### WHAT YOU ARE ASKED TO DO
Transcribe the data exactly, pictures excluded.

### GIVEN DATA
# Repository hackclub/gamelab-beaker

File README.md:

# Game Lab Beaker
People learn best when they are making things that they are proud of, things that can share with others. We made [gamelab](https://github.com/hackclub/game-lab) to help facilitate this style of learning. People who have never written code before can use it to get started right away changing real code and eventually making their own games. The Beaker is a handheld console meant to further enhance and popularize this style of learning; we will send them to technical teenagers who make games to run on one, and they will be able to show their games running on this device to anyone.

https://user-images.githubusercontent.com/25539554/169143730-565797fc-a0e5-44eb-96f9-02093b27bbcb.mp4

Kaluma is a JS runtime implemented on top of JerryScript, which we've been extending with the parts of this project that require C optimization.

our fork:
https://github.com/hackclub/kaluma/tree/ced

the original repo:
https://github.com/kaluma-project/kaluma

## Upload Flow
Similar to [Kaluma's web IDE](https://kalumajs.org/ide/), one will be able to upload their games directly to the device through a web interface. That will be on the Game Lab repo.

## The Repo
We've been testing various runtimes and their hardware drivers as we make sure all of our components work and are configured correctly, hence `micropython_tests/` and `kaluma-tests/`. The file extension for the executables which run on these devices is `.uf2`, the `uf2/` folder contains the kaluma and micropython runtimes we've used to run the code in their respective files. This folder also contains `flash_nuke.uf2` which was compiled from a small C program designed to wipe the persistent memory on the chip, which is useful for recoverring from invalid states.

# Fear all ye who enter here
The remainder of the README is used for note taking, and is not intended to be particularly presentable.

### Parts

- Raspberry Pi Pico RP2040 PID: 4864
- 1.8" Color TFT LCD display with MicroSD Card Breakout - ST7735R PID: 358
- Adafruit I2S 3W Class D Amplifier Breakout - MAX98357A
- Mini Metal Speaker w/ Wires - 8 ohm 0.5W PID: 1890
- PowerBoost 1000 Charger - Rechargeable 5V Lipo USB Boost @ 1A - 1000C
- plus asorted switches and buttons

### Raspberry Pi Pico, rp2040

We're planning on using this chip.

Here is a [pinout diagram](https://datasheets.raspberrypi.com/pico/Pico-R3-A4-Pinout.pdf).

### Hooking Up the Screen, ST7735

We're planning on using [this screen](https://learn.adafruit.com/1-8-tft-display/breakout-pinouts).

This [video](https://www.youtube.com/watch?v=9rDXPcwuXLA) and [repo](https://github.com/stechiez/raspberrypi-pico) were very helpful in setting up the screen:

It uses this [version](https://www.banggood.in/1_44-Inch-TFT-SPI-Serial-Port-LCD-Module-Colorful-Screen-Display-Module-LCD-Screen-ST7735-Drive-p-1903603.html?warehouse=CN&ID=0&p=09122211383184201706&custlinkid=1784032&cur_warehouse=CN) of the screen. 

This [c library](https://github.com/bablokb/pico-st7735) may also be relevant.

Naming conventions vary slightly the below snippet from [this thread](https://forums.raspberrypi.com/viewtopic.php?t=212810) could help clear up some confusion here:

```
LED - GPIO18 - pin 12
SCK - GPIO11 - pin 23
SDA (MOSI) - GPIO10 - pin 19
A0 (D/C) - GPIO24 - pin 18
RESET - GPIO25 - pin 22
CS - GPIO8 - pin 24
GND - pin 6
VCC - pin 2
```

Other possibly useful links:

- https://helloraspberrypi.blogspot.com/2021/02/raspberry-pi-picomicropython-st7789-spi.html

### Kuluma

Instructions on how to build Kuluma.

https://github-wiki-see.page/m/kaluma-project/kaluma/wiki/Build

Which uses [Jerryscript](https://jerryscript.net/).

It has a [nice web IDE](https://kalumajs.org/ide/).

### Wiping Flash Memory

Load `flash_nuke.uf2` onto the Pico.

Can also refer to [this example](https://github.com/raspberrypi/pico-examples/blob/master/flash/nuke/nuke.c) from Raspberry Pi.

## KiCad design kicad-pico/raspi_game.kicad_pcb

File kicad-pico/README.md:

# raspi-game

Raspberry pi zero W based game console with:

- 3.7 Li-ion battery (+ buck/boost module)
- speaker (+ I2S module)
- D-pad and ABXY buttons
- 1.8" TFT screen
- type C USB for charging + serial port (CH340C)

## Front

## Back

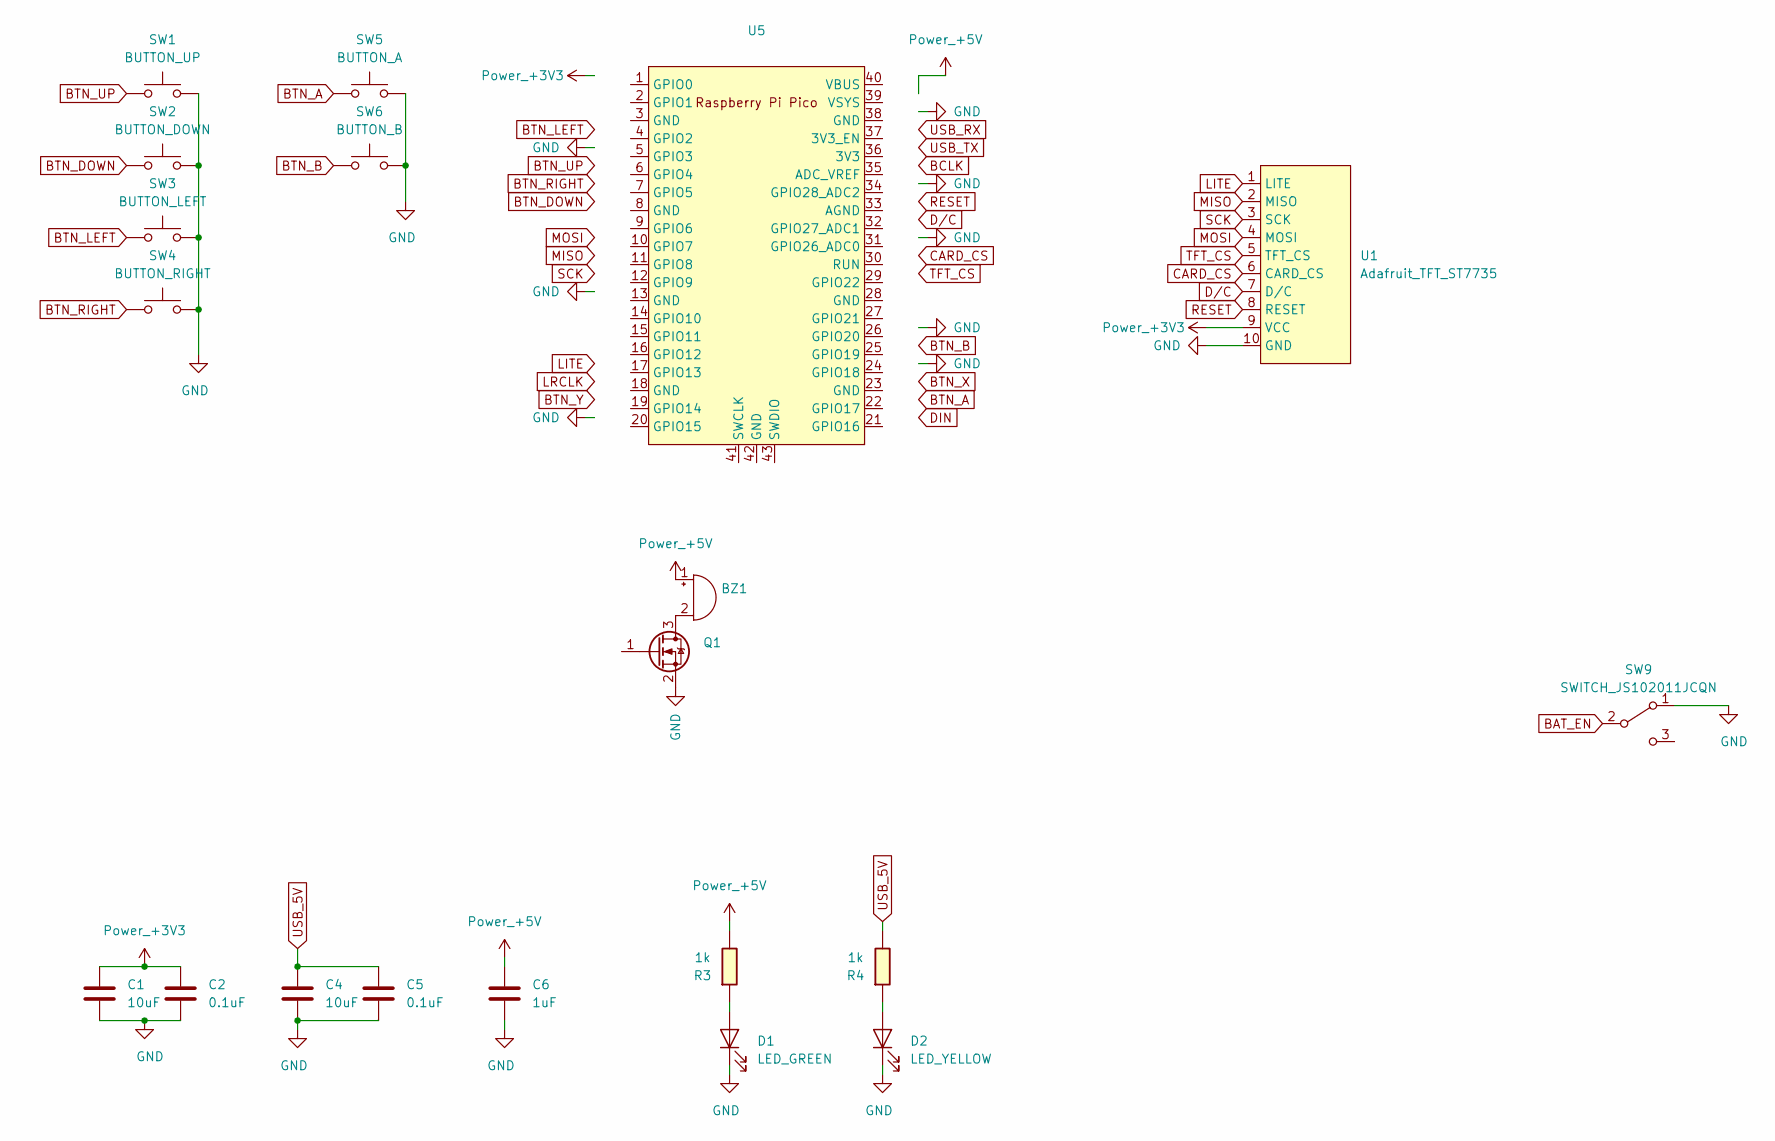
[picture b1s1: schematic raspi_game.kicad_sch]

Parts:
BZ1: (no value)
C1, C4: 10uF; C_1206
C2, C5: 0.1uF; C_1206
C6: 1uF; C_1206
D1: LED_GREEN; LED_1206
D2: LED_YELLOW; LED_1206
Q1: SOT-23
R3, R4: 1k; R_1206
SW1: BUTTON_UP; Button_Omron_B3SN_6x6mm
SW2: BUTTON_DOWN; Button_Omron_B3SN_6x6mm
SW3: BUTTON_LEFT; Button_Omron_B3SN_6x6mm
SW4: BUTTON_RIGHT; Button_Omron_B3SN_6x6mm
SW5: BUTTON_A; Button_Omron_B3SN_6x6mm
SW6: BUTTON_B; Button_Omron_B3SN_6x6mm
SW9: SWITCH_JS102011JCQN; Switch_SPDT_C&K_JS102011JCQN_9x3.6mm_P2.5mm
U1: Adafruit_TFT_ST7735
U5: (no value)

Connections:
+3V3: C1.1, C2.1, U1.9 (VCC)
+5V: BZ1.1 (-), C6.1, R3.1; also elsewhere on the board
BAT_EN: SW9.2 (B); also elsewhere on the board
BTN_A: SW5.1
BTN_B: SW6.1
BTN_DOWN: SW2.1
BTN_LEFT: SW3.1
BTN_RIGHT: SW4.1
BTN_UP: SW1.1
CARD_CS: U1.6 (CARD_CS)
D/C: U1.7 (D/C)
GND: C1.2, C2.2, C4.2, C5.2, C6.2, D1.1 (K), D2.1 (K), Q1.2 (S), SW1.2, SW2.2, SW3.2, SW4.2, SW5.2, SW6.2, SW9.1 (A), U1.10 (GND); also elsewhere on the board
LITE: U1.1 (LITE)
MISO: U1.2 (MISO)
MOSI: U1.4 (MOSI)
unnamed: BZ1.2 (+), Q1.3 (D)
unnamed: D1.2 (A), R3.2
unnamed: D2.2 (A), R4.2
RESET: U1.8 (RESET)
SCK: U1.3 (SCK)
TFT_CS: U1.5 (TFT_CS)
USB_5V: C4.1, C5.1, R4.1; also elsewhere on the board

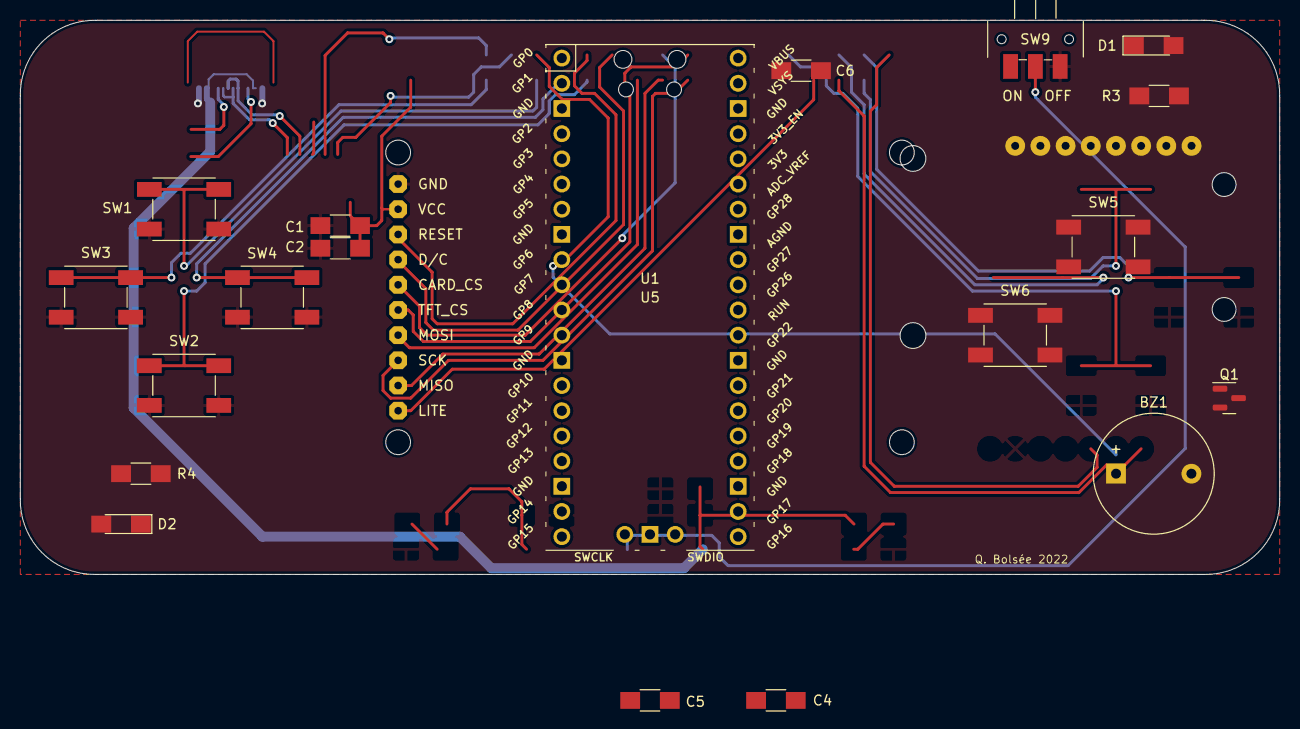
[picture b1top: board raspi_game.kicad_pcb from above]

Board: 2 copper layers, 127.0 x 55.9 mm, 21 parts (1 on the bottom side), 8 nets.

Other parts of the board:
U4: powerboost_1000C

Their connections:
+5V: U4.8 (OUT); also elsewhere on the board
BAT_EN: U4.4 (EN); also elsewhere on the board
GND: U4.5 (GND), U4.7 (GND); also elsewhere on the board
USB_5V: U4.1 (USB); also elsewhere on the board

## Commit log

2022-04-20 adding micropython screen code
2022-04-21 added kaluma screen drawing
2022-04-22 more drawing tests
2022-04-23 boosting baudrate
2022-04-25 added python button
2022-04-25 documentation updates
2022-04-27 Add drawing examples in both languages
2022-04-27 organization changes
2022-04-28 sprite jumps on platform
2022-04-29 more micropython tests
2022-05-03 dump screen buffer all at once
2022-05-12 adding sounds now
2022-05-13 finally a text based sprite
2022-05-13 hardcode less, suffer more
2022-05-13 okay yay
2022-05-16 run duck game!
2022-05-17 added kicad files
2022-05-18 updated kicad
2022-05-18 clean up readme
2022-05-18 Properly link in README
2022-05-18 Fix link
2022-05-18 add video of usage
2022-05-18 add note about upload flow
2022-05-18 reduce size of headers at bottom
2022-05-19 fix bug, run sokoban

### ANSWER SECTION
# Repository hackclub/gamelab-beaker

File README.md:

# Game Lab Beaker
People learn best when they are making things that they are proud of, things that can share with others. We made [gamelab](https://github.com/hackclub/game-lab) to help facilitate this style of learning. People who have never written code before can use it to get started right away changing real code and eventually making their own games. The Beaker is a handheld console meant to further enhance and popularize this style of learning; we will send them to technical teenagers who make games to run on one, and they will be able to show their games running on this device to anyone.

https://user-images.githubusercontent.com/25539554/169143730-565797fc-a0e5-44eb-96f9-02093b27bbcb.mp4

Kaluma is a JS runtime implemented on top of JerryScript, which we've been extending with the parts of this project that require C optimization.

our fork:
https://github.com/hackclub/kaluma/tree/ced

the original repo:
https://github.com/kaluma-project/kaluma

## Upload Flow
Similar to [Kaluma's web IDE](https://kalumajs.org/ide/), one will be able to upload their games directly to the device through a web interface. That will be on the Game Lab repo.

## The Repo
We've been testing various runtimes and their hardware drivers as we make sure all of our components work and are configured correctly, hence `micropython_tests/` and `kaluma-tests/`. The file extension for the executables which run on these devices is `.uf2`, the `uf2/` folder contains the kaluma and micropython runtimes we've used to run the code in their respective files. This folder also contains `flash_nuke.uf2` which was compiled from a small C program designed to wipe the persistent memory on the chip, which is useful for recoverring from invalid states.

# Fear all ye who enter here
The remainder of the README is used for note taking, and is not intended to be particularly presentable.

### Parts

- Raspberry Pi Pico RP2040 PID: 4864
- 1.8" Color TFT LCD display with MicroSD Card Breakout - ST7735R PID: 358
- Adafruit I2S 3W Class D Amplifier Breakout - MAX98357A
- Mini Metal Speaker w/ Wires - 8 ohm 0.5W PID: 1890
- PowerBoost 1000 Charger - Rechargeable 5V Lipo USB Boost @ 1A - 1000C
- plus asorted switches and buttons

### Raspberry Pi Pico, rp2040

We're planning on using this chip.

Here is a [pinout diagram](https://datasheets.raspberrypi.com/pico/Pico-R3-A4-Pinout.pdf).

### Hooking Up the Screen, ST7735

We're planning on using [this screen](https://learn.adafruit.com/1-8-tft-display/breakout-pinouts).

This [video](https://www.youtube.com/watch?v=9rDXPcwuXLA) and [repo](https://github.com/stechiez/raspberrypi-pico) were very helpful in setting up the screen:

It uses this [version](https://www.banggood.in/1_44-Inch-TFT-SPI-Serial-Port-LCD-Module-Colorful-Screen-Display-Module-LCD-Screen-ST7735-Drive-p-1903603.html?warehouse=CN&ID=0&p=09122211383184201706&custlinkid=1784032&cur_warehouse=CN) of the screen. 

This [c library](https://github.com/bablokb/pico-st7735) may also be relevant.

Naming conventions vary slightly the below snippet from [this thread](https://forums.raspberrypi.com/viewtopic.php?t=212810) could help clear up some confusion here:

```
LED - GPIO18 - pin 12
SCK - GPIO11 - pin 23
SDA (MOSI) - GPIO10 - pin 19
A0 (D/C) - GPIO24 - pin 18
RESET - GPIO25 - pin 22
CS - GPIO8 - pin 24
GND - pin 6
VCC - pin 2
```

Other possibly useful links:

- https://helloraspberrypi.blogspot.com/2021/02/raspberry-pi-picomicropython-st7789-spi.html

### Kuluma

Instructions on how to build Kuluma.

https://github-wiki-see.page/m/kaluma-project/kaluma/wiki/Build

Which uses [Jerryscript](https://jerryscript.net/).

It has a [nice web IDE](https://kalumajs.org/ide/).

### Wiping Flash Memory

Load `flash_nuke.uf2` onto the Pico.

Can also refer to [this example](https://github.com/raspberrypi/pico-examples/blob/master/flash/nuke/nuke.c) from Raspberry Pi.

## KiCad design kicad-pico/raspi_game.kicad_pcb

File kicad-pico/README.md:

# raspi-game

Raspberry pi zero W based game console with:

- 3.7 Li-ion battery (+ buck/boost module)
- speaker (+ I2S module)
- D-pad and ABXY buttons
- 1.8" TFT screen
- type C USB for charging + serial port (CH340C)

## Front

## Back

[picture b1s1: schematic raspi_game.kicad_sch]

Parts:
BZ1: (no value)
C1, C4: 10uF; C_1206
C2, C5: 0.1uF; C_1206
C6: 1uF; C_1206
D1: LED_GREEN; LED_1206
D2: LED_YELLOW; LED_1206
Q1: SOT-23
R3, R4: 1k; R_1206
SW1: BUTTON_UP; Button_Omron_B3SN_6x6mm
SW2: BUTTON_DOWN; Button_Omron_B3SN_6x6mm
SW3: BUTTON_LEFT; Button_Omron_B3SN_6x6mm
SW4: BUTTON_RIGHT; Button_Omron_B3SN_6x6mm
SW5: BUTTON_A; Button_Omron_B3SN_6x6mm
SW6: BUTTON_B; Button_Omron_B3SN_6x6mm
SW9: SWITCH_JS102011JCQN; Switch_SPDT_C&K_JS102011JCQN_9x3.6mm_P2.5mm
U1: Adafruit_TFT_ST7735
U5: (no value)

Connections:
+3V3: C1.1, C2.1, U1.9 (VCC)
+5V: BZ1.1 (-), C6.1, R3.1; also elsewhere on the board
BAT_EN: SW9.2 (B); also elsewhere on the board
BTN_A: SW5.1
BTN_B: SW6.1
BTN_DOWN: SW2.1
BTN_LEFT: SW3.1
BTN_RIGHT: SW4.1
BTN_UP: SW1.1
CARD_CS: U1.6 (CARD_CS)
D/C: U1.7 (D/C)
GND: C1.2, C2.2, C4.2, C5.2, C6.2, D1.1 (K), D2.1 (K), Q1.2 (S), SW1.2, SW2.2, SW3.2, SW4.2, SW5.2, SW6.2, SW9.1 (A), U1.10 (GND); also elsewhere on the board
LITE: U1.1 (LITE)
MISO: U1.2 (MISO)
MOSI: U1.4 (MOSI)
unnamed: BZ1.2 (+), Q1.3 (D)
unnamed: D1.2 (A), R3.2
unnamed: D2.2 (A), R4.2
RESET: U1.8 (RESET)
SCK: U1.3 (SCK)
TFT_CS: U1.5 (TFT_CS)
USB_5V: C4.1, C5.1, R4.1; also elsewhere on the board

[picture b1top: board raspi_game.kicad_pcb from above]

Board: 2 copper layers, 127.0 x 55.9 mm, 21 parts (1 on the bottom side), 8 nets.

Other parts of the board:
U4: powerboost_1000C

Their connections:
+5V: U4.8 (OUT); also elsewhere on the board
BAT_EN: U4.4 (EN); also elsewhere on the board
GND: U4.5 (GND), U4.7 (GND); also elsewhere on the board
USB_5V: U4.1 (USB); also elsewhere on the board

## Commit log

2022-04-20 adding micropython screen code
2022-04-21 added kaluma screen drawing
2022-04-22 more drawing tests
2022-04-23 boosting baudrate
2022-04-25 added python button
2022-04-25 documentation updates
2022-04-27 Add drawing examples in both languages
2022-04-27 organization changes
2022-04-28 sprite jumps on platform
2022-04-29 more micropython tests
2022-05-03 dump screen buffer all at once
2022-05-12 adding sounds now
2022-05-13 finally a text based sprite
2022-05-13 hardcode less, suffer more
2022-05-13 okay yay
2022-05-16 run duck game!
2022-05-17 added kicad files
2022-05-18 updated kicad
2022-05-18 clean up readme
2022-05-18 Properly link in README
2022-05-18 Fix link
2022-05-18 add video of usage
2022-05-18 add note about upload flow
2022-05-18 reduce size of headers at bottom
2022-05-19 fix bug, run sokoban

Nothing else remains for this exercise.